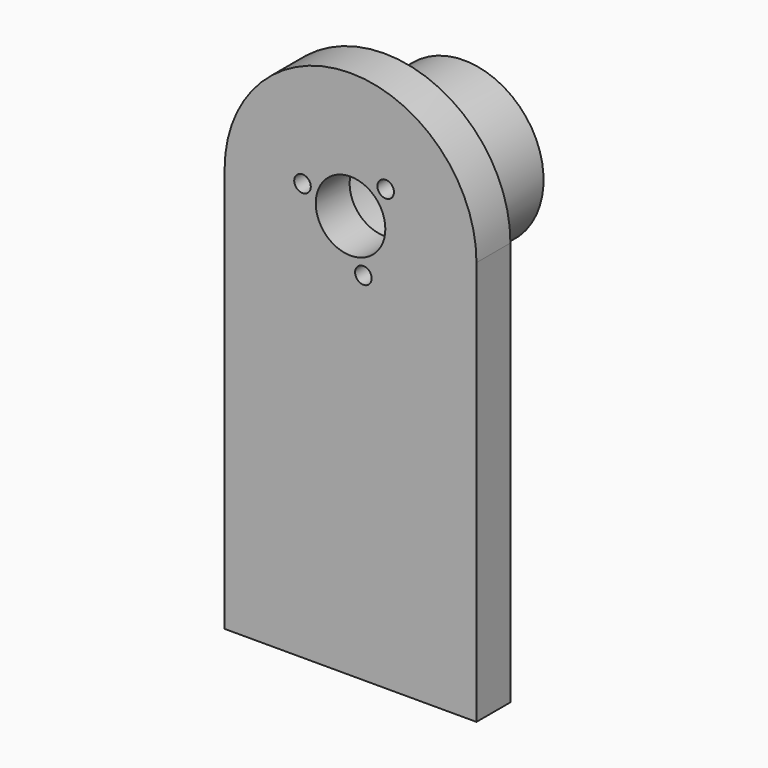
from build123d import *

# Parameters (mm, degrees)
F1_DEPTH        = 6.4
F2_R            = 1.25
F3_DEPTH        = 6.401
F3_COPIES_COUNT = 3
F4_R            = 5.25
F5_DEPTH        = 6.401
F6_R            = 12
F6_R_2          = 10
F7_DEPTH        = 15


# Not quite as in the source:
# - a pattern or mirror of a feature is missing from the dataset's text; its kind, count and spacing are read off the source's solid


with BuildPart() as f1:
    # F0 (on Front) → F1 (new body)
    with BuildSketch(Plane.XZ):
        with BuildLine():
            Line((-19, 0), (-19, -61))
            Line((-19, -61), (19, -61))
            Line((19, -61), (19, 0))
            ThreePointArc((19, 0), (0, 19), (-19, 0))
        make_face()
    extrude(amount=F1_DEPTH)

    # F2 (on Front) → F3 (cut, through all)
    with BuildSketch(Plane.XZ):
        with Locations((5.3033008589, 5.3033008589)):
            Circle(F2_R)
    f3 = extrude(amount=F3_DEPTH, mode=Mode.SUBTRACT)

    # F3_copies: F3 ×3 about axis
    f3_copies_axis = Axis((0, 0, 0), (0, 1, 0))
    for i in range(1, F3_COPIES_COUNT):
        add(f3.rotate(f3_copies_axis, i * 360 / F3_COPIES_COUNT), mode=Mode.SUBTRACT)

    # F4 (on Front) → F5 (cut, through all)
    with BuildSketch(Plane.XZ):
        Circle(F4_R)
    extrude(amount=F5_DEPTH, mode=Mode.SUBTRACT)

    # F6 (on face) → F7 (join)
    with BuildSketch(Plane(origin=(0, 0, 0), x_dir=(-1, 0, 0), z_dir=(0, 1, 0))):
        Circle(F6_R)
        Circle(F6_R_2, mode=Mode.SUBTRACT)
    extrude(amount=F7_DEPTH)


solid = f1.part
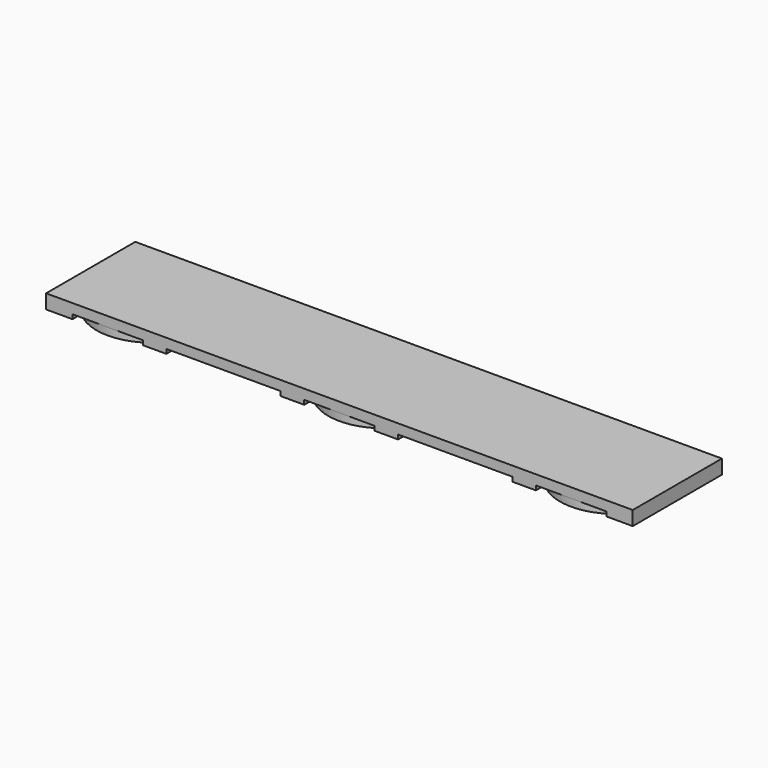
from build123d import *

# Parameters (mm, degrees)
F0_W     = 380
F0_H     = 33.5
F1_DEPTH = 1000
F3_DEPTH = 25
F4_R     = 4
F5_DEPTH = 15


# Not quite as in the source:
# - a feature names something its author has since deleted; it is built from what else it names


with BuildPart() as f1:
    # F0 (on Right) → F1 (new body, symmetric)
    with BuildSketch(Plane.YZ):
        with Locations((0, 16.75)):
            Rectangle(F0_W, F0_H)
    extrude(amount=F1_DEPTH, both=True)

    # F2 (on face) → F3 (join)
    with BuildSketch(Plane(origin=(0, 0, 0), x_dir=(1, 0, 0), z_dir=(0, 0, -1))):
        with BuildLine():
            ThreePointArc((-790, -190), (-655.6497115746, -134.3502884254), (-600, 0))
            ThreePointArc((-600, 0), (-655.6497118153, 134.3502886662), (-790.0000006809, 190))
            ThreePointArc((-790.0000006809, 190), (-980, -3.405e-07), (-790, -190))
        make_face()
        with BuildLine():
            ThreePointArc((190, 0), (134.350288533, 134.3502883179), (3.042e-07, 190))
            ThreePointArc((3.042e-07, 190), (-190, 1.521e-07), (0, -190))
            ThreePointArc((0, -190), (134.3502884254, -134.3502884254), (190, 0))
        make_face()
        with BuildLine():
            ThreePointArc((980, 0), (924.3502884254, 134.3502884254), (790, 190))
            ThreePointArc((790, 190), (600, 0), (790, -190))
            ThreePointArc((790, -190), (924.3502884254, -134.3502884254), (980, 0))
        make_face()
    extrude(amount=F3_DEPTH)

    # F4 (on face) → F5 (join)
    with BuildSketch(Plane(origin=(0, 0, 0), x_dir=(1, 0, 0), z_dir=(0, 0, -1))):
        Polygon((-990, 190), (-1000, 190), (-1000, 70), (-1000, -190), (-990, -190), (-990, -140), (-990, 140), align=None)
        Polygon((-910, 190), (-990, 190), (-990, 140), (-935.7230966807, 140), (-910, 166.1522239447), align=None)
        with Locations((-980, 180)):
            Circle(F4_R, mode=Mode.SUBTRACT)
        with Locations((-920, 180)):
            Circle(F4_R, mode=Mode.SUBTRACT)
        Polygon((-990, -140), (-990, -190), (-910, -190), (-910, -166.1522239447), (-935.7230966807, -140), align=None)
        with Locations((-980, -180)):
            Circle(F4_R, mode=Mode.SUBTRACT)
        with Locations((-920, -180)):
            Circle(F4_R, mode=Mode.SUBTRACT)
        Polygon((-590, 190), (-670, 190), (-670, 166.1522239447), (-644.2769033193, 140), (-590, 140), align=None)
        with Locations((-660, 180)):
            Circle(F4_R, mode=Mode.SUBTRACT)
        with Locations((-600, 180)):
            Circle(F4_R, mode=Mode.SUBTRACT)
        Polygon((-670, -166.1522239447), (-670, -190), (-590, -190), (-590, -140), (-644.2769033193, -140), align=None)
        with Locations((-660, -180)):
            Circle(F4_R, mode=Mode.SUBTRACT)
        with Locations((-600, -180)):
            Circle(F4_R, mode=Mode.SUBTRACT)
        Polygon((-120, 190), (-200, 190), (-200, 140), (-145.7230966807, 140), (-120, 166.1522239447), align=None)
        with Locations((-190, 180)):
            Circle(F4_R, mode=Mode.SUBTRACT)
        with Locations((-130, 180)):
            Circle(F4_R, mode=Mode.SUBTRACT)
        Polygon((-200, -140), (-200, -190), (-120, -190), (-120, -166.1522239447), (-145.7230966807, -140), align=None)
        with Locations((-190, -180)):
            Circle(F4_R, mode=Mode.SUBTRACT)
        with Locations((-130, -180)):
            Circle(F4_R, mode=Mode.SUBTRACT)
        Polygon((200, 190), (120, 190), (120, 166.1522239447), (145.7230966807, 140), (200, 140), align=None)
        with Locations((130, 180)):
            Circle(F4_R, mode=Mode.SUBTRACT)
        with Locations((190, 180)):
            Circle(F4_R, mode=Mode.SUBTRACT)
        Polygon((120, -166.1522239447), (120, -190), (200, -190), (200, -140), (145.7230966807, -140), align=None)
        with Locations((130, -180)):
            Circle(F4_R, mode=Mode.SUBTRACT)
        with Locations((190, -180)):
            Circle(F4_R, mode=Mode.SUBTRACT)
        Polygon((590, -140), (590, -190), (670, -190), (670, -166.1522239447), (644.2769033193, -140), align=None)
        with Locations((600, -180)):
            Circle(F4_R, mode=Mode.SUBTRACT)
        with Locations((660, -180)):
            Circle(F4_R, mode=Mode.SUBTRACT)
        Polygon((670, 190), (590, 190), (590, 140), (644.2769033193, 140), (670, 166.1522239447), align=None)
        with Locations((600, 180)):
            Circle(F4_R, mode=Mode.SUBTRACT)
        with Locations((660, 180)):
            Circle(F4_R, mode=Mode.SUBTRACT)
        Polygon((910, -166.1522239447), (910, -190), (990, -190), (990, -140), (935.7230966807, -140), align=None)
        with Locations((920, -180)):
            Circle(F4_R, mode=Mode.SUBTRACT)
        with Locations((980, -180)):
            Circle(F4_R, mode=Mode.SUBTRACT)
        Polygon((990, 190), (910, 190), (910, 166.1522239447), (935.7230966807, 140), (990, 140), align=None)
        with Locations((920, 180)):
            Circle(F4_R, mode=Mode.SUBTRACT)
        with Locations((980, 180)):
            Circle(F4_R, mode=Mode.SUBTRACT)
        Polygon((990, -140), (990, -190), (1000, -190), (1000, -70), (1000, 70), (1000, 190), (990, 190), (990, 140), align=None)
    extrude(amount=F5_DEPTH)


solid = f1.part
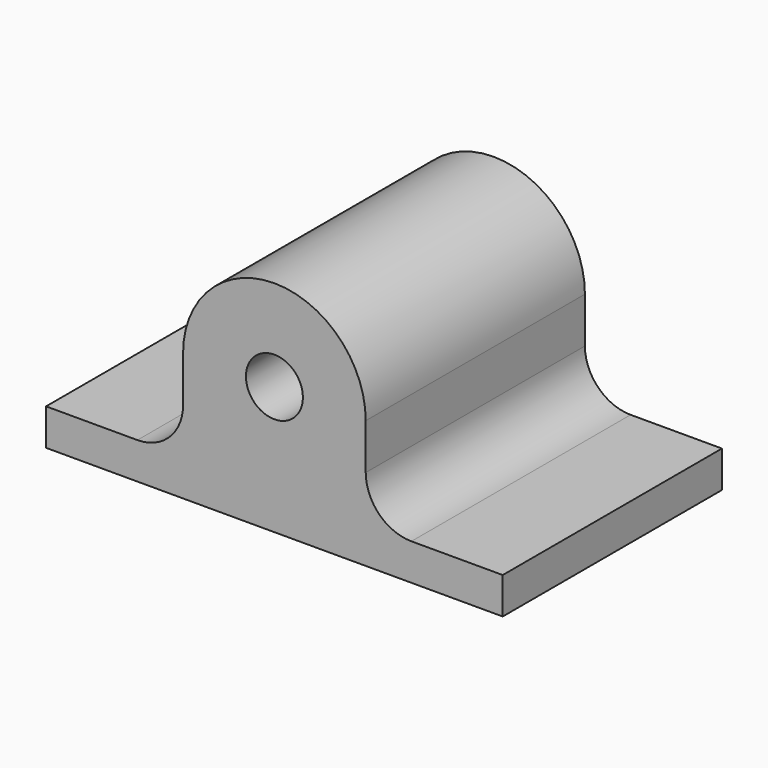
from build123d import *

# Parameters (mm, degrees)
F1_DEPTH = 76.2
F2_R     = 12.7
F3_R     = 7.921290647
F4_DEPTH = 101.6


# Not quite as in the source:
# - a feature names something its author has since deleted; it is built from what else it names


with BuildPart() as f1:
    # F0 (on Front) → F1 (new body)
    with BuildSketch(Plane.XZ):
        with BuildLine():
            Line((25.4, -25.4), (25.4, 0))
            ThreePointArc((25.4, 0), (0, 25.4), (-25.4, 0))
            Line((-25.4, 0), (-25.4, -25.4))
            Line((-25.4, -25.4), (-63.5, -25.4))
            Line((-63.5, -25.4), (-63.5, -35.56))
            Line((-63.5, -35.56), (63.5, -35.56))
            Line((63.5, -35.56), (63.5, -25.4))
            Line((63.5, -25.4), (25.4, -25.4))
        make_face()
    extrude(amount=F1_DEPTH)

    # F2
    f2_edges = [f1.edges().sort_by_distance(p)[0] for p in [
        (25.4, -38.1, -25.4),
        (-25.4, -38.1, -25.4),
    ]]
    fillet(f2_edges, radius=F2_R)

    # F3 (on face) → F4 (cut)
    with BuildSketch(Plane.XZ.offset(76.2)):
        Circle(F3_R)
    extrude(amount=-F4_DEPTH, mode=Mode.SUBTRACT)


solid = f1.part
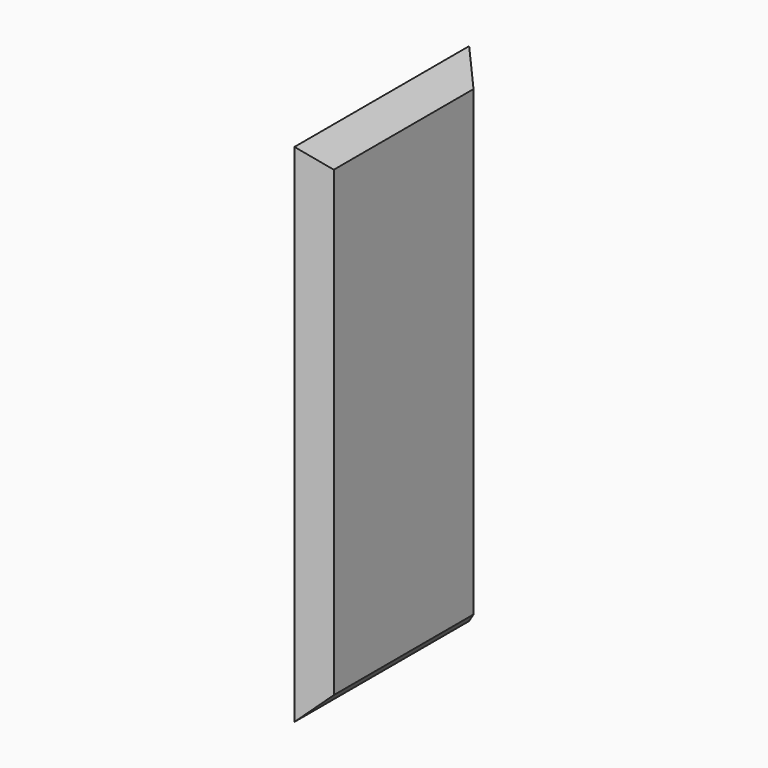
from build123d import *

# Parameters (mm, degrees)
F0_W     = 220
F0_H     = 510
F1_DEPTH = 22
F2_SIZE  = 21.99999


# Not quite as in the source:
# - a fillet or chamfer is up to 0.001 mm smaller than in the source, because OpenCascade refuses the exact size


with BuildPart() as f1:
    # F0 (on Right) → F1 (new body)
    with BuildSketch(Plane.YZ):
        Rectangle(F0_W, F0_H)
    extrude(amount=F1_DEPTH)

    # F2 (size 22 in the source; OpenCascade refuses exactly that, so slightly less here)
    f2_edges = [f1.edges().sort_by_distance(p)[0] for p in [
        (22, 0, 255),
        (22, -110, 0),
        (22, 110, 0),
        (22, 0, -255),
    ]]
    chamfer(f2_edges, length=F2_SIZE)


solid = f1.part

### TASK INSTRUCTIONS
Every line of the data that holds "OpenCascade" should be counted, and only the total given.

### SOLUTION BELOW
2